UN Human Rights Expert Deplores Saddam’s Trial And Execution; Calls For Legal Overhaul

Citing “glaring flaws” in the trial of former Iraqi President Saddam Hussein, who was hanged on Saturday, and his co-defendants, an independent United Nations human rights expert has called on the Iraqi Government to halt the other executions and overhaul its judicial system to comply with international law.

“The trial and execution of Saddam Hussein were tragically missed opportunities to demonstrate that justice can be done, even in the case of one of the greatest crooks of our time,” Philip Alston, UN Special Rapporteur on extrajudicial, summary or arbitrary executions, said in a statement.

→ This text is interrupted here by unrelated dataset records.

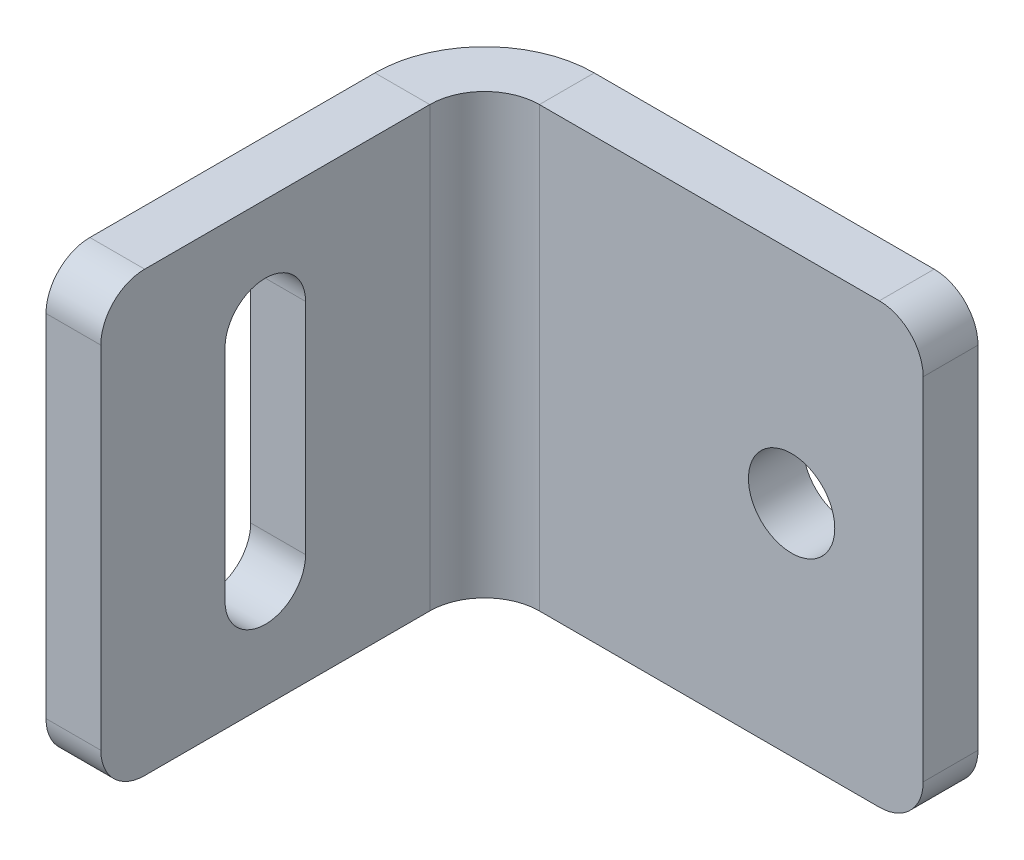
ISO-10303-21;
HEADER;
FILE_DESCRIPTION(('STEP AP214'),'2;1');
FILE_NAME('part.step','',(''),(''),'','','');
FILE_SCHEMA(('AUTOMOTIVE_DESIGN { 1 0 10303 214 1 1 1 1 }'));
ENDSEC;
DATA;
#1=APPLICATION_CONTEXT('core data for automotive mechanical design processes');
#2=APPLICATION_PROTOCOL_DEFINITION('international standard','automotive_design',2000,#1);
#3=PRODUCT_CONTEXT('',#1,'mechanical');
#4=PRODUCT('Part','Part','',(#3));
#5=PRODUCT_RELATED_PRODUCT_CATEGORY('part','',(#4));
#6=PRODUCT_DEFINITION_FORMATION('','',#4);
#7=PRODUCT_DEFINITION_CONTEXT('part definition',#1,'design');
#8=PRODUCT_DEFINITION('design','',#6,#7);
#9=PRODUCT_DEFINITION_SHAPE('','',#8);
#10=(LENGTH_UNIT() NAMED_UNIT(*) SI_UNIT(.MILLI.,.METRE.));
#11=(NAMED_UNIT(*) PLANE_ANGLE_UNIT() SI_UNIT($,.RADIAN.));
#12=(NAMED_UNIT(*) SI_UNIT($,.STERADIAN.) SOLID_ANGLE_UNIT());
#13=UNCERTAINTY_MEASURE_WITH_UNIT(LENGTH_MEASURE(1.E-05),#10,'distance_accuracy_value','');
#14=(GEOMETRIC_REPRESENTATION_CONTEXT(3) GLOBAL_UNCERTAINTY_ASSIGNED_CONTEXT((#13)) GLOBAL_UNIT_ASSIGNED_CONTEXT((#10,
#11,#12)) REPRESENTATION_CONTEXT('',''));
#15=CARTESIAN_POINT('',(0.,0.,0.));
#16=DIRECTION('',(0.,0.,1.));
#17=DIRECTION('',(1.,0.,0.));
#18=AXIS2_PLACEMENT_3D('',#15,#16,#17);
#19=CARTESIAN_POINT('',(11.0458483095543,-22.6108803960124,-3.175));
#20=DIRECTION('',(0.,-1.,0.));
#21=DIRECTION('',(0.,0.,-1.));
#22=AXIS2_PLACEMENT_3D('',#19,#20,#21);
#23=PLANE('',#22);
#24=DIRECTION('',(1.,0.,0.));
#25=VECTOR('',#24,1.);
#26=CARTESIAN_POINT('',(11.0458483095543,-22.6108803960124,-3.175));
#27=LINE('',#26,#25);
#28=CARTESIAN_POINT('',(14.2208483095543,-22.6108803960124,-3.175));
#29=VERTEX_POINT('',#28);
#30=CARTESIAN_POINT('',(33.9058483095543,-22.6108803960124,-3.175));
#31=VERTEX_POINT('',#30);
#32=EDGE_CURVE('E237',#29,#31,#27,.T.);
#33=ORIENTED_EDGE('',*,*,#32,.T.);
#34=DIRECTION('',(0.,0.,1.));
#35=VECTOR('',#34,1.);
#36=CARTESIAN_POINT('',(33.9058483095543,-22.6108803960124,-3.175));
#37=LINE('',#36,#35);
#38=CARTESIAN_POINT('',(33.9058483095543,-22.6108803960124,0.));
#39=VERTEX_POINT('',#38);
#40=EDGE_CURVE('E259',#31,#39,#37,.T.);
#41=ORIENTED_EDGE('',*,*,#40,.T.);
#42=DIRECTION('',(1.,0.,0.));
#43=VECTOR('',#42,1.);
#44=CARTESIAN_POINT('',(11.0458483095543,-22.6108803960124,0.));
#45=LINE('',#44,#43);
#46=CARTESIAN_POINT('',(14.2208483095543,-22.6108803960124,0.));
#47=VERTEX_POINT('',#46);
#48=EDGE_CURVE('E234',#47,#39,#45,.T.);
#49=ORIENTED_EDGE('',*,*,#48,.F.);
#50=DIRECTION('',(0.,0.,-1.));
#51=VECTOR('',#50,1.);
#52=CARTESIAN_POINT('',(14.2208483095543,-22.6108803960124,0.));
#53=LINE('',#52,#51);
#54=EDGE_CURVE('E220',#47,#29,#53,.T.);
#55=ORIENTED_EDGE('',*,*,#54,.T.);
#56=EDGE_LOOP('',(#33,#41,#49,#55));
#57=FACE_BOUND('',#56,.T.);
#58=ADVANCED_FACE('F32',(#57),#23,.T.);
#59=CARTESIAN_POINT('',(11.0458483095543,-22.6108803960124,-3.175));
#60=DIRECTION('',(0.,0.,1.));
#61=DIRECTION('',(1.,0.,0.));
#62=AXIS2_PLACEMENT_3D('',#59,#60,#61);
#63=PLANE('',#62);
#64=CARTESIAN_POINT('',(28.8258483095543,-9.91088039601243,-3.175));
#65=DIRECTION('',(0.,0.,1.));
#66=DIRECTION('',(1.,0.,0.));
#67=AXIS2_PLACEMENT_3D('',#64,#65,#66);
#68=CIRCLE('',#67,2.49999999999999);
#69=CARTESIAN_POINT('',(31.3258483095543,-9.91088039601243,-3.175));
#70=VERTEX_POINT('',#69);
#71=EDGE_CURVE('E183',#70,#70,#68,.T.);
#72=ORIENTED_EDGE('',*,*,#71,.T.);
#73=EDGE_LOOP('',(#72));
#74=FACE_BOUND('',#73,.T.);
#75=DIRECTION('',(0.,1.,0.));
#76=VECTOR('',#75,1.);
#77=CARTESIAN_POINT('',(36.4458483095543,2.78911960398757,-3.175));
#78=LINE('',#77,#76);
#79=CARTESIAN_POINT('',(36.4458483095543,-20.0708803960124,-3.175));
#80=VERTEX_POINT('',#79);
#81=CARTESIAN_POINT('',(36.4458483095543,0.249119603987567,-3.175));
#82=VERTEX_POINT('',#81);
#83=EDGE_CURVE('E240',#80,#82,#78,.T.);
#84=ORIENTED_EDGE('',*,*,#83,.F.);
#85=CARTESIAN_POINT('',(33.9058483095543,-20.0708803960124,-3.175));
#86=DIRECTION('',(0.,0.,1.));
#87=DIRECTION('',(1.,0.,0.));
#88=AXIS2_PLACEMENT_3D('',#85,#86,#87);
#89=CIRCLE('',#88,2.54);
#90=EDGE_CURVE('E273',#80,#31,#89,.F.);
#91=ORIENTED_EDGE('',*,*,#90,.T.);
#92=ORIENTED_EDGE('',*,*,#32,.F.);
#93=DIRECTION('',(0.,-1.,0.));
#94=VECTOR('',#93,1.);
#95=CARTESIAN_POINT('',(14.2208483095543,-22.6108803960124,-3.175));
#96=LINE('',#95,#94);
#97=CARTESIAN_POINT('',(14.2208483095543,2.78911960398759,-3.175));
#98=VERTEX_POINT('',#97);
#99=EDGE_CURVE('E213',#29,#98,#96,.F.);
#100=ORIENTED_EDGE('',*,*,#99,.T.);
#101=DIRECTION('',(-1.,0.,0.));
#102=VECTOR('',#101,1.);
#103=CARTESIAN_POINT('',(11.0458483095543,2.78911960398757,-3.175));
#104=LINE('',#103,#102);
#105=CARTESIAN_POINT('',(33.9058483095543,2.78911960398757,-3.175));
#106=VERTEX_POINT('',#105);
#107=EDGE_CURVE('E244',#106,#98,#104,.T.);
#108=ORIENTED_EDGE('',*,*,#107,.F.);
#109=CARTESIAN_POINT('',(33.9058483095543,0.249119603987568,-3.175));
#110=DIRECTION('',(0.,0.,1.));
#111=DIRECTION('',(1.,0.,0.));
#112=AXIS2_PLACEMENT_3D('',#109,#110,#111);
#113=CIRCLE('',#112,2.54);
#114=EDGE_CURVE('E271',#106,#82,#113,.F.);
#115=ORIENTED_EDGE('',*,*,#114,.T.);
#116=EDGE_LOOP('',(#84,#91,#92,#100,#108,#115));
#117=FACE_BOUND('',#116,.T.);
#118=ADVANCED_FACE('F345',(#74,#117),#63,.F.);
#119=CARTESIAN_POINT('',(11.0458483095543,-22.6108803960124,0.));
#120=DIRECTION('',(0.,0.,1.));
#121=DIRECTION('',(1.,0.,0.));
#122=AXIS2_PLACEMENT_3D('',#119,#120,#121);
#123=PLANE('',#122);
#124=CARTESIAN_POINT('',(28.8258483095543,-9.91088039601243,0.));
#125=DIRECTION('',(0.,0.,1.));
#126=DIRECTION('',(1.,0.,0.));
#127=AXIS2_PLACEMENT_3D('',#124,#125,#126);
#128=CIRCLE('',#127,2.49999999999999);
#129=CARTESIAN_POINT('',(31.3258483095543,-9.91088039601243,0.));
#130=VERTEX_POINT('',#129);
#131=EDGE_CURVE('E180',#130,#130,#128,.T.);
#132=ORIENTED_EDGE('',*,*,#131,.F.);
#133=EDGE_LOOP('',(#132));
#134=FACE_BOUND('',#133,.T.);
#135=ORIENTED_EDGE('',*,*,#48,.T.);
#136=CARTESIAN_POINT('',(33.9058483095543,-20.0708803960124,0.));
#137=DIRECTION('',(0.,0.,1.));
#138=DIRECTION('',(1.,0.,0.));
#139=AXIS2_PLACEMENT_3D('',#136,#137,#138);
#140=CIRCLE('',#139,2.54);
#141=CARTESIAN_POINT('',(36.4458483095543,-20.0708803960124,0.));
#142=VERTEX_POINT('',#141);
#143=EDGE_CURVE('E264',#39,#142,#140,.T.);
#144=ORIENTED_EDGE('',*,*,#143,.T.);
#145=DIRECTION('',(0.,1.,0.));
#146=VECTOR('',#145,1.);
#147=CARTESIAN_POINT('',(36.4458483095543,2.78911960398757,0.));
#148=LINE('',#147,#146);
#149=CARTESIAN_POINT('',(36.4458483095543,0.249119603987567,0.));
#150=VERTEX_POINT('',#149);
#151=EDGE_CURVE('E249',#142,#150,#148,.T.);
#152=ORIENTED_EDGE('',*,*,#151,.T.);
#153=CARTESIAN_POINT('',(33.9058483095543,0.249119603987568,0.));
#154=DIRECTION('',(0.,0.,1.));
#155=DIRECTION('',(1.,0.,0.));
#156=AXIS2_PLACEMENT_3D('',#153,#154,#155);
#157=CIRCLE('',#156,2.54);
#158=CARTESIAN_POINT('',(33.9058483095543,2.78911960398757,0.));
#159=VERTEX_POINT('',#158);
#160=EDGE_CURVE('E262',#150,#159,#157,.T.);
#161=ORIENTED_EDGE('',*,*,#160,.T.);
#162=DIRECTION('',(-1.,0.,0.));
#163=VECTOR('',#162,1.);
#164=CARTESIAN_POINT('',(11.0458483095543,2.78911960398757,0.));
#165=LINE('',#164,#163);
#166=CARTESIAN_POINT('',(14.2208483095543,2.78911960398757,0.));
#167=VERTEX_POINT('',#166);
#168=EDGE_CURVE('E241',#159,#167,#165,.T.);
#169=ORIENTED_EDGE('',*,*,#168,.T.);
#170=DIRECTION('',(0.,-1.,0.));
#171=VECTOR('',#170,1.);
#172=CARTESIAN_POINT('',(14.2208483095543,-22.6108803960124,0.));
#173=LINE('',#172,#171);
#174=EDGE_CURVE('E226',#47,#167,#173,.F.);
#175=ORIENTED_EDGE('',*,*,#174,.F.);
#176=EDGE_LOOP('',(#135,#144,#152,#161,#169,#175));
#177=FACE_BOUND('',#176,.T.);
#178=ADVANCED_FACE('F324',(#134,#177),#123,.T.);
#179=CARTESIAN_POINT('',(11.0458483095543,2.78911960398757,-3.175));
#180=DIRECTION('',(0.,1.,0.));
#181=DIRECTION('',(0.,0.,1.));
#182=AXIS2_PLACEMENT_3D('',#179,#180,#181);
#183=PLANE('',#182);
#184=ORIENTED_EDGE('',*,*,#168,.F.);
#185=DIRECTION('',(0.,0.,1.));
#186=VECTOR('',#185,1.);
#187=CARTESIAN_POINT('',(33.9058483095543,2.78911960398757,-3.175));
#188=LINE('',#187,#186);
#189=EDGE_CURVE('E275',#159,#106,#188,.F.);
#190=ORIENTED_EDGE('',*,*,#189,.T.);
#191=ORIENTED_EDGE('',*,*,#107,.T.);
#192=DIRECTION('',(0.,0.,-1.));
#193=VECTOR('',#192,1.);
#194=CARTESIAN_POINT('',(14.2208483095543,2.78911960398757,0.));
#195=LINE('',#194,#193);
#196=EDGE_CURVE('E231',#167,#98,#195,.T.);
#197=ORIENTED_EDGE('',*,*,#196,.F.);
#198=EDGE_LOOP('',(#184,#190,#191,#197));
#199=FACE_BOUND('',#198,.T.);
#200=ADVANCED_FACE('F342',(#199),#183,.T.);
#201=CARTESIAN_POINT('',(36.4458483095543,2.78911960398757,-3.175));
#202=DIRECTION('',(1.,0.,0.));
#203=DIRECTION('',(0.,1.,0.));
#204=AXIS2_PLACEMENT_3D('',#201,#202,#203);
#205=PLANE('',#204);
#206=ORIENTED_EDGE('',*,*,#151,.F.);
#207=DIRECTION('',(0.,0.,1.));
#208=VECTOR('',#207,1.);
#209=CARTESIAN_POINT('',(36.4458483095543,-20.0708803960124,-3.175));
#210=LINE('',#209,#208);
#211=EDGE_CURVE('E269',#142,#80,#210,.F.);
#212=ORIENTED_EDGE('',*,*,#211,.T.);
#213=ORIENTED_EDGE('',*,*,#83,.T.);
#214=DIRECTION('',(0.,0.,1.));
#215=VECTOR('',#214,1.);
#216=CARTESIAN_POINT('',(36.4458483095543,0.249119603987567,-3.175));
#217=LINE('',#216,#215);
#218=EDGE_CURVE('E266',#82,#150,#217,.T.);
#219=ORIENTED_EDGE('',*,*,#218,.T.);
#220=EDGE_LOOP('',(#206,#212,#213,#219));
#221=FACE_BOUND('',#220,.T.);
#222=ADVANCED_FACE('F334',(#221),#205,.T.);
#223=CARTESIAN_POINT('',(14.2208483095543,2.78911960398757,3.175));
#224=DIRECTION('',(0.,1.,0.));
#225=DIRECTION('',(0.,0.,1.));
#226=AXIS2_PLACEMENT_3D('',#223,#224,#225);
#227=PLANE('',#226);
#228=DIRECTION('',(-1.,0.,0.));
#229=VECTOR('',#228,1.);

He called for far-reaching reforms, and said a number of basic measures must be taken at once, including commuting the other death sentence to life imprisonment or other long terms, eliminating the Government’s powers to remove a judge “for any reason,” and amending the 30-day time period between final judgement and execution to ensure full respect for the right to appeal.

Mr. Alston, a law professor at New York University, cited three major flaws. First, the trial was marred by serious irregularities denying Mr. Hussein a fair hearing.

Secondly the Government “engaged in an unseemly and evidently politically motivated effort to expedite the execution by denying time for a meaningful appeal and by closing off every avenue to review the punishment,” he declared.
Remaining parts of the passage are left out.